→ Records from a data source
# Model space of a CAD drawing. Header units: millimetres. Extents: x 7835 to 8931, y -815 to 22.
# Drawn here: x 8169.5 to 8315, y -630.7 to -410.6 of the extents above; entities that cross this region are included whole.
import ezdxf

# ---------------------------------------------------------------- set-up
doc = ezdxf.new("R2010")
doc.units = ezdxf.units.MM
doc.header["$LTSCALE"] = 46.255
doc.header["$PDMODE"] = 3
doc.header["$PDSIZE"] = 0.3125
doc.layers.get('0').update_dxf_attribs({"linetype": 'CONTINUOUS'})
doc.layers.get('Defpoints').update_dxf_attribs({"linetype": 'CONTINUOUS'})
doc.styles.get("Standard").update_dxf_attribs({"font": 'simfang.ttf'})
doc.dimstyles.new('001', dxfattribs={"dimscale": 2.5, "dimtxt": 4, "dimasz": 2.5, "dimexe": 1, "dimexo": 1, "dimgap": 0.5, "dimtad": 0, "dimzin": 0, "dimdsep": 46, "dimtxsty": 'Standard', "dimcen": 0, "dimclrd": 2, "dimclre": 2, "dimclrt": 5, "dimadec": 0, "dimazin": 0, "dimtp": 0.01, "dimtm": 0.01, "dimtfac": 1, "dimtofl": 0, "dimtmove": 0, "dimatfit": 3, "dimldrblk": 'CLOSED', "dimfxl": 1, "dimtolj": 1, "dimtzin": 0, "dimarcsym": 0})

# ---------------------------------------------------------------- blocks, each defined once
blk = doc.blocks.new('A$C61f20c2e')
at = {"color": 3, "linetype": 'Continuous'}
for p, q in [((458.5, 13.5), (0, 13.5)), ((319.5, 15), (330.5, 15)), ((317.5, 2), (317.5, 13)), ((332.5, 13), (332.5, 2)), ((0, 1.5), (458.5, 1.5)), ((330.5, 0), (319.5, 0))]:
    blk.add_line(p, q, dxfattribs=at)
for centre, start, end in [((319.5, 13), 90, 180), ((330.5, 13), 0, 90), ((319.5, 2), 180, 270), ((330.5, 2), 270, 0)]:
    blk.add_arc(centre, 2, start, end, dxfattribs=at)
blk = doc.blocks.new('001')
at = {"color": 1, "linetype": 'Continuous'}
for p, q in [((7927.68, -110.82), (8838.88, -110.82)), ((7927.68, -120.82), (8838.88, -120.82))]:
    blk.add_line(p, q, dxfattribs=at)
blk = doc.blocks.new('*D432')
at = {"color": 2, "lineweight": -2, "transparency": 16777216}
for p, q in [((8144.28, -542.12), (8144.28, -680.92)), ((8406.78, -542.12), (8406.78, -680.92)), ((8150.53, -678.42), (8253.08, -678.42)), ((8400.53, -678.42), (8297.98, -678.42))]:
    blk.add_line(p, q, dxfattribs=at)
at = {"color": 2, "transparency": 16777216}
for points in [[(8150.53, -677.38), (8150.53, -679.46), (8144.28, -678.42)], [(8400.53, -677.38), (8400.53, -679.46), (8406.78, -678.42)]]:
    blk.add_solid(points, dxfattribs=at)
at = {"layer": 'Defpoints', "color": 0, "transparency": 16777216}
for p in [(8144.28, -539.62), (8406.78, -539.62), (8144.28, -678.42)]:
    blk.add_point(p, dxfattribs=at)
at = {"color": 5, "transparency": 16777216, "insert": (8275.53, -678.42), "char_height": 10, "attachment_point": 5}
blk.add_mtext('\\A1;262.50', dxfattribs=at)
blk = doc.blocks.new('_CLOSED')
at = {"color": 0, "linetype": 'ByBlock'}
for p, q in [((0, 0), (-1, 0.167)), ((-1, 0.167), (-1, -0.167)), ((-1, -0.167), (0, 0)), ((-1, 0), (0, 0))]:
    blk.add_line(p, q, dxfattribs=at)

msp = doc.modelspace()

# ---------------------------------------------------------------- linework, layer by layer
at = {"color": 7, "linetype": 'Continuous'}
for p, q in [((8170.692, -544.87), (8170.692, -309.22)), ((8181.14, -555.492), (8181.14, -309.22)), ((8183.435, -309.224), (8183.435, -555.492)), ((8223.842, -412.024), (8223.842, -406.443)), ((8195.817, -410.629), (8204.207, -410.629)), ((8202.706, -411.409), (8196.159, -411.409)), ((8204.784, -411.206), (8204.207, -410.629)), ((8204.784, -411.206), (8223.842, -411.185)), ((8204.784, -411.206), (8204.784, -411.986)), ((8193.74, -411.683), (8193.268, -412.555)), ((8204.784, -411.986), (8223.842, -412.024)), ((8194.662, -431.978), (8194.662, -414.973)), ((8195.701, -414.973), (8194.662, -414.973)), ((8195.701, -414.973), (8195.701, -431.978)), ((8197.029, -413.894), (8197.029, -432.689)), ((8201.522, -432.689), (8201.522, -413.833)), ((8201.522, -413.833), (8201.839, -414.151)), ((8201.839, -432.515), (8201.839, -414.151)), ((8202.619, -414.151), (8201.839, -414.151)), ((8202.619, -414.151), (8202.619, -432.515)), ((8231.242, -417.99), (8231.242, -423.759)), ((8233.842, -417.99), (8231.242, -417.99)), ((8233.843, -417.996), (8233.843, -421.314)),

→ Try it
All of the lines above must be returned exactly.

→ Response
# Model space of a CAD drawing. Header units: millimetres. Extents: x 7835 to 8931, y -815 to 22.
# Drawn here: x 8169.5 to 8315, y -630.7 to -410.6 of the extents above; entities that cross this region are included whole.
import ezdxf

# ---------------------------------------------------------------- set-up
doc = ezdxf.new("R2010")
doc.units = ezdxf.units.MM
doc.header["$LTSCALE"] = 46.255
doc.header["$PDMODE"] = 3
doc.header["$PDSIZE"] = 0.3125
doc.layers.get('0').update_dxf_attribs({"linetype": 'CONTINUOUS'})
doc.layers.get('Defpoints').update_dxf_attribs({"linetype": 'CONTINUOUS'})
doc.styles.get("Standard").update_dxf_attribs({"font": 'simfang.ttf'})
doc.dimstyles.new('001', dxfattribs={"dimscale": 2.5, "dimtxt": 4, "dimasz": 2.5, "dimexe": 1, "dimexo": 1, "dimgap": 0.5, "dimtad": 0, "dimzin": 0, "dimdsep": 46, "dimtxsty": 'Standard', "dimcen": 0, "dimclrd": 2, "dimclre": 2, "dimclrt": 5, "dimadec": 0, "dimazin": 0, "dimtp": 0.01, "dimtm": 0.01, "dimtfac": 1, "dimtofl": 0, "dimtmove": 0, "dimatfit": 3, "dimldrblk": 'CLOSED', "dimfxl": 1, "dimtolj": 1, "dimtzin": 0, "dimarcsym": 0})

# ---------------------------------------------------------------- blocks, each defined once
blk = doc.blocks.new('A$C61f20c2e')
at = {"color": 3, "linetype": 'Continuous'}
for p, q in [((458.5, 13.5), (0, 13.5)), ((319.5, 15), (330.5, 15)), ((317.5, 2), (317.5, 13)), ((332.5, 13), (332.5, 2)), ((0, 1.5), (458.5, 1.5)), ((330.5, 0), (319.5, 0))]:
    blk.add_line(p, q, dxfattribs=at)
for centre, start, end in [((319.5, 13), 90, 180), ((330.5, 13), 0, 90), ((319.5, 2), 180, 270), ((330.5, 2), 270, 0)]:
    blk.add_arc(centre, 2, start, end, dxfattribs=at)
blk = doc.blocks.new('001')
at = {"color": 1, "linetype": 'Continuous'}
for p, q in [((7927.68, -110.82), (8838.88, -110.82)), ((7927.68, -120.82), (8838.88, -120.82))]:
    blk.add_line(p, q, dxfattribs=at)
blk = doc.blocks.new('*D432')
at = {"color": 2, "lineweight": -2, "transparency": 16777216}
for p, q in [((8144.28, -542.12), (8144.28, -680.92)), ((8406.78, -542.12), (8406.78, -680.92)), ((8150.53, -678.42), (8253.08, -678.42)), ((8400.53, -678.42), (8297.98, -678.42))]:
    blk.add_line(p, q, dxfattribs=at)
at = {"color": 2, "transparency": 16777216}
for points in [[(8150.53, -677.38), (8150.53, -679.46), (8144.28, -678.42)], [(8400.53, -677.38), (8400.53, -679.46), (8406.78, -678.42)]]:
    blk.add_solid(points, dxfattribs=at)
at = {"layer": 'Defpoints', "color": 0, "transparency": 16777216}
for p in [(8144.28, -539.62), (8406.78, -539.62), (8144.28, -678.42)]:
    blk.add_point(p, dxfattribs=at)
at = {"color": 5, "transparency": 16777216, "insert": (8275.53, -678.42), "char_height": 10, "attachment_point": 5}
blk.add_mtext('\\A1;262.50', dxfattribs=at)
blk = doc.blocks.new('_CLOSED')
at = {"color": 0, "linetype": 'ByBlock'}
for p, q in [((0, 0), (-1, 0.167)), ((-1, 0.167), (-1, -0.167)), ((-1, -0.167), (0, 0)), ((-1, 0), (0, 0))]:
    blk.add_line(p, q, dxfattribs=at)

msp = doc.modelspace()

# ---------------------------------------------------------------- linework, layer by layer
at = {"color": 7, "linetype": 'Continuous'}
for p, q in [((8170.692, -544.87), (8170.692, -309.22)), ((8181.14, -555.492), (8181.14, -309.22)), ((8183.435, -309.224), (8183.435, -555.492)), ((8223.842, -412.024), (8223.842, -406.443)), ((8195.817, -410.629), (8204.207, -410.629)), ((8202.706, -411.409), (8196.159, -411.409)), ((8204.784, -411.206), (8204.207, -410.629)), ((8204.784, -411.206), (8223.842, -411.185)), ((8204.784, -411.206), (8204.784, -411.986)), ((8193.74, -411.683), (8193.268, -412.555)), ((8204.784, -411.986), (8223.842, -412.024)), ((8194.662, -431.978), (8194.662, -414.973)), ((8195.701, -414.973), (8194.662, -414.973)), ((8195.701, -414.973), (8195.701, -431.978)), ((8197.029, -413.894), (8197.029, -432.689)), ((8201.522, -432.689), (8201.522, -413.833)), ((8201.522, -413.833), (8201.839, -414.151)), ((8201.839, -432.515), (8201.839, -414.151)), ((8202.619, -414.151), (8201.839, -414.151)), ((8202.619, -414.151), (8202.619, -432.515)), ((8231.242, -417.99), (8231.242, -423.759)), ((8233.842, -417.99), (8231.242, -417.99)), ((8233.843, -417.996), (8233.843, -421.314)),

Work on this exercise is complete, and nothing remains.